EXERCISE REQUIREMENTS: Lines to return, exactly: from the line with "spline S15 degree" to the line with "spline S19 degree" in the entries below, both included.

[Stored records]
++++++++++

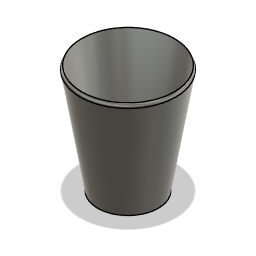
wzken爆改熔岩灯2顶盖刻字 (Autodesk Fusion 360 design; units mm, degrees)
Autodesk Fusion 360 part; units mm, degrees
(part 1 of 7)
sketch "草图1" plane through (0, 0, 0) normal (0, 1, 0) x (1, 0, 0)
  circle A0 centre (0, 0) radius 22.5
  circle A1 centre (0, 0) radius 13.75
  circle A2 centre (0, 0) radius 14.75
  circle A3 centre (0, 0) radius 23.5
  spline S0 degree 3 poles (1.8081, 3.6652) (1.7986, 3.6895) (1.7856, 3.712) (1.7795, 3.7138) knots 0 0 0 0 1 1 1 1
  dimension "d1" = 45
  dimension "d2" = 27.5
  dimension "d3" = 29.5
  dimension "d4" = 47
  constraint coincident A0.centre A1.centre
  constraint concentric A0 A1
  constraint concentric A0 A2
  constraint concentric A1 A3
  measures "d1" diameter of A0
  measures "d2" diameter of A1
  measures "d3" diameter of A2
  measures "d4" diameter of A3
extrude "拉伸1" add sketch "草图1" along normal blind 53 draft 9.4 contours A2
extrude "拉伸2" cut sketch "草图1" along normal blind 53 draft 9.4 contours A1
extrude "拉伸3" add sketch "草图1" along normal blind 2 draft 9.4 contours A1
fillet "圆角1" radius 2 1 edges at (-21.9322, 53, -8.5067)
sketch "草图2" plane through (0, 2, 0) normal (0, 1, 0) x (-1, 0, 0)
  circle A0 centre (0, 0) radius 14.0811
  line L0 (27.3607, -10.0098) -> (27.3607, 8.4871)
  line L1 (27.3607, 8.4871) -> (-0.3846, 8.4871)
  line L2 (-0.3846, 8.4871) -> (-28.1299, 8.4871)
  line L3 (-28.1299, 8.4871) -> (-28.1299, -10.0098)
  line L4 (-28.1299, -10.0098) -> (-28.1299, -28.5067)
  line L5 (-28.1299, -28.5067) -> (-0.3846, -28.5067)
  line L6 (-0.3846, -28.5067) -> (27.3607, -28.5067)
  line L7 (27.3607, -28.5067) -> (27.3607, -10.0098)
  spline S0 degree 3 poles (-1.1505, -12.3075) (-1.1794, -12.2641) (-1.1938, -11.6572) (-1.1866, -10.9708) knots 0 0 0 0 1 1 1 1
  line L8 (-1.1866, -10.9708) -> (-1.1721, -9.7136)
  line L9 (-1.1721, -9.7136) -> (-1.3455, -9.8292)
  spline S1 degree 3 poles (-1.3455, -9.8292) (-1.4395, -9.887) (-1.6707, -10.1326) (-1.8513, -10.3711) knots 0 0 0 0 1 1 1 1
  line L10 (-1.8513, -10.3711) -> (-2.1837, -10.7974)
  line L11 (-2.1837, -10.7974) -> (-1.9236, -10.819)
  spline S2 degree 3 poles (-1.9236, -10.819) (-1.7791, -10.8335) (-1.649, -10.8841) (-1.6273, -10.9347) knots 0 0 0 0 1 1 1 1
  spline S3 degree 3 poles (-1.6273, -10.9347) (-1.6056, -10.9997) (-1.7502, -11.0214) (-2.1837, -11.0214) knots 0 0 0 0 1 1 1 1
  spline S4 degree 3 poles (-2.1837, -11.0214) (-2.5088, -11.0214) (-2.7689, -10.9925) (-2.7689, -10.9563) knots 0 0 0 0 1 1 1 1
  spline S5 degree 3 poles (-2.7689, -10.9563) (-2.7689, -10.9202) (-2.5883, -10.7323) (-2.3715, -10.5517) knots 0 0 0 0 1 1 1 1
  spline S6 degree 3 poles (-2.3715, -10.5517) (-2.1548, -10.3639) (-1.9958, -10.1832) (-2.0175, -10.1471) knots 0 0 0 0 1 1 1 1
  spline S7 degree 3 poles (-2.0175, -10.1471) (-2.0392, -10.111) (-2.0175, -10.0893) (-1.9669, -10.0965) knots 0 0 0 0 1 1 1 1
  spline S8 degree 3 poles (-1.9669, -10.0965) (-1.9163, -10.111) (-1.8296, -10.0315) (-1.7646, -9.9231) knots 0 0 0 0 1 1 1 1
  spline S9 degree 3 poles (-1.7646, -9.9231) (-1.649, -9.728) (-1.649, -9.7208) (-2.1186, -9.2439) knots 0 0 0 0 1 1 1 1
  spline S10 degree 3 poles (-2.1186, -9.2439) (-2.3788, -8.9838) (-2.7183, -8.702) (-2.8773, -8.6153) knots 0 0 0 0 1 1 1 1
  line L12 (-2.8773, -8.6153) -> (-3.1663, -8.4564)
  line L13 (-3.1663, -8.4564) -> (-2.5955, -8.4347)
  spline S11 degree 3 poles (-2.5955, -8.4347) (-1.9814, -8.413) (-1.9091, -8.4347) (-2.0392, -8.5936) knots 0 0 0 0 1 1 1 1
  spline S12 degree 3 poles (-2.0392, -8.5936) (-2.1042, -8.6731) (-2.0319, -8.7743) (-1.6707, -9.1283) knots 0 0 0 0 1 1 1 1
  line L14 (-1.6707, -9.1283) -> (-1.2155, -9.5691)
  line L15 (-1.2155, -9.5691) -> (-1.1721, -9.3306)
  spline S13 degree 3 poles (-1.1721, -9.3306) (-1.0999, -8.8899) (-1.1721, -8.5936) (-1.3817, -8.5142) knots 0 0 0 0 1 1 1 1
  spline S14 degree 3 poles (-1.3817, -8.5142) (-1.5478, -8.4491) (-1.4756, -8.4347) (-0.9843, -8.4275) knots 0 0 0 0 1 1 1 1
  spline S15 degree 3 poles (-0.9843, -8.4275) (-0.399, -8.4202) (-0.1967, -8.4997) (-0.5652, -8.5936) knots 0 0 0 0 1 1 1 1
  line L16 (-0.5652, -8.5936) -> (-0.7458, -8.637)
  line L17 (-0.7458, -8.637) -> (-0.7314, -10.1326)
  line L18 (-0.7314, -10.1326) -> (-0.7097, -11.6283)
  line L19 (-0.7097, -11.6283) -> (-0.4279, -11.7078)
  spline S16 degree 3 poles (-0.4279, -11.7078) (-0.1245, -11.7945) (-0.1389, -11.8378) (-0.4929, -11.9173) knots 0 0 0 0 1 1 1 1
  spline S17 degree 3 poles (-0.4929, -11.9173) (-0.7675, -11.9896) (-0.8903, -12.0907) (-0.8903, -12.2569) knots 0 0 0 0 1 1 1 1
  spline S18 degree 3 poles (-0.8903, -12.2569) (-0.8903, -12.4086) (-1.071, -12.4447) (-1.1505, -12.3075) knots 0 0 0 0 1 1 1 1
  spline S19 degree 3 poles (5.5836, -11.6066) (5.5619, -11.5705) (5.6052, -11.5271) (5.6847, -11.5055) knots 0 0 0 0 1 1 1 1
  spline S20 degree 3 poles (5.6847, -11.5055) (5.8003, -11.4766) (5.8292, -11.4043) (5.8292, -11.1948) knots 0 0 0 0 1 1 1 1
  spline S21 degree 3 poles (5.8292, -11.1948) (5.8292, -10.9347) (5.3018, -9.2439) (5.1862, -9.1211) knots 0 0 0 0 1 1 1 1
  spline S22 degree 3 poles (5.1862, -9.1211) (5.1067, -9.0416) (4.8321, -9.6341) (4.7382, -10.0893) knots 0 0 0 0 1 1 1 1
  spline S23 degree 3 poles (4.7382, -10.0893) (4.6154, -10.6673) (4.8683, -11.491) (5.1934, -11.5416) knots 0 0 0 0 1 1 1 1
  spline S24 degree 3 poles (5.1934, -11.5416) (5.3524, -11.5705) (5.3451, -11.5777) (5.1573, -11.6283) knots 0 0 0 0 1 1 1 1
  spline S25 degree 3 poles (5.1573, -11.6283) (5.0489, -11.6644) (4.6732, -11.6644) (4.3264, -11.6355) knots 0 0 0 0 1 1 1 1
  spline S26 degree 3 poles (4.3264, -11.6355) (3.8206, -11.5922) (3.7339, -11.5705) (3.8784, -11.5127) knots 0 0 0 0 1 1 1 1
  spline S27 degree 3 poles (3.8784, -11.5127) (4.2324, -11.3826) (4.3191, -11.2381) (4.2686, -10.8841) knots 0 0 0 0 1 1 1 1
  spline S28 degree 3 poles (4.2686, -10.8841) (4.218, -10.5373) (3.9362, -9.6919) (3.7556, -9.3306) knots 0 0 0 0 1 1 1 1
  line L20 (3.7556, -9.3306) -> (3.6472, -9.1283)
  line L21 (3.6472, -9.1283) -> (3.5316, -9.2945)
  spline S29 degree 3 poles (3.5316, -9.2945) (3.4738, -9.3812) (3.2498, -9.9014) (3.0475, -10.4361) knots 0 0 0 0 1 1 1 1
  spline S30 degree 3 poles (3.0475, -10.4361) (2.6356, -11.5127) (2.6356, -11.5055) (3.1559, -11.5344) knots 0 0 0 0 1 1 1 1
  spline S31 degree 3 poles (3.1559, -11.5344) (3.4015, -11.5416) (3.4015, -11.5488) (3.0836, -11.6066) knots 0 0 0 0 1 1 1 1
  spline S32 degree 3 poles (3.0836, -11.6066) (2.903, -11.6355) (2.5128, -11.6644) (2.2166, -11.6644) knots 0 0 0 0 1 1 1 1
  line L22 (2.2166, -11.6644) -> (1.6747, -11.6716)
  line L23 (1.6747, -11.6716) -> (1.9564, -11.5055)
  spline S33 degree 3 poles (1.9564, -11.5055) (2.2527, -11.332) (2.5056, -10.8913) (3.3004, -9.1283) knots 0 0 0 0 1 1 1 1
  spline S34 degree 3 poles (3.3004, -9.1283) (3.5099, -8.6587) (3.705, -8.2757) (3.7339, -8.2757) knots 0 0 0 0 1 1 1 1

++++++++++

SOLVED PROBLEM:
  spline S15 degree 3 poles (-0.9843, -8.4275) (-0.399, -8.4202) (-0.1967, -8.4997) (-0.5652, -8.5936) knots 0 0 0 0 1 1 1 1
  line L16 (-0.5652, -8.5936) -> (-0.7458, -8.637)
  line L17 (-0.7458, -8.637) -> (-0.7314, -10.1326)
  line L18 (-0.7314, -10.1326) -> (-0.7097, -11.6283)
  line L19 (-0.7097, -11.6283) -> (-0.4279, -11.7078)
  spline S16 degree 3 poles (-0.4279, -11.7078) (-0.1245, -11.7945) (-0.1389, -11.8378) (-0.4929, -11.9173) knots 0 0 0 0 1 1 1 1
  spline S17 degree 3 poles (-0.4929, -11.9173) (-0.7675, -11.9896) (-0.8903, -12.0907) (-0.8903, -12.2569) knots 0 0 0 0 1 1 1 1
  spline S18 degree 3 poles (-0.8903, -12.2569) (-0.8903, -12.4086) (-1.071, -12.4447) (-1.1505, -12.3075) knots 0 0 0 0 1 1 1 1
  spline S19 degree 3 poles (5.5836, -11.6066) (5.5619, -11.5705) (5.6052, -11.5271) (5.6847, -11.5055) knots 0 0 0 0 1 1 1 1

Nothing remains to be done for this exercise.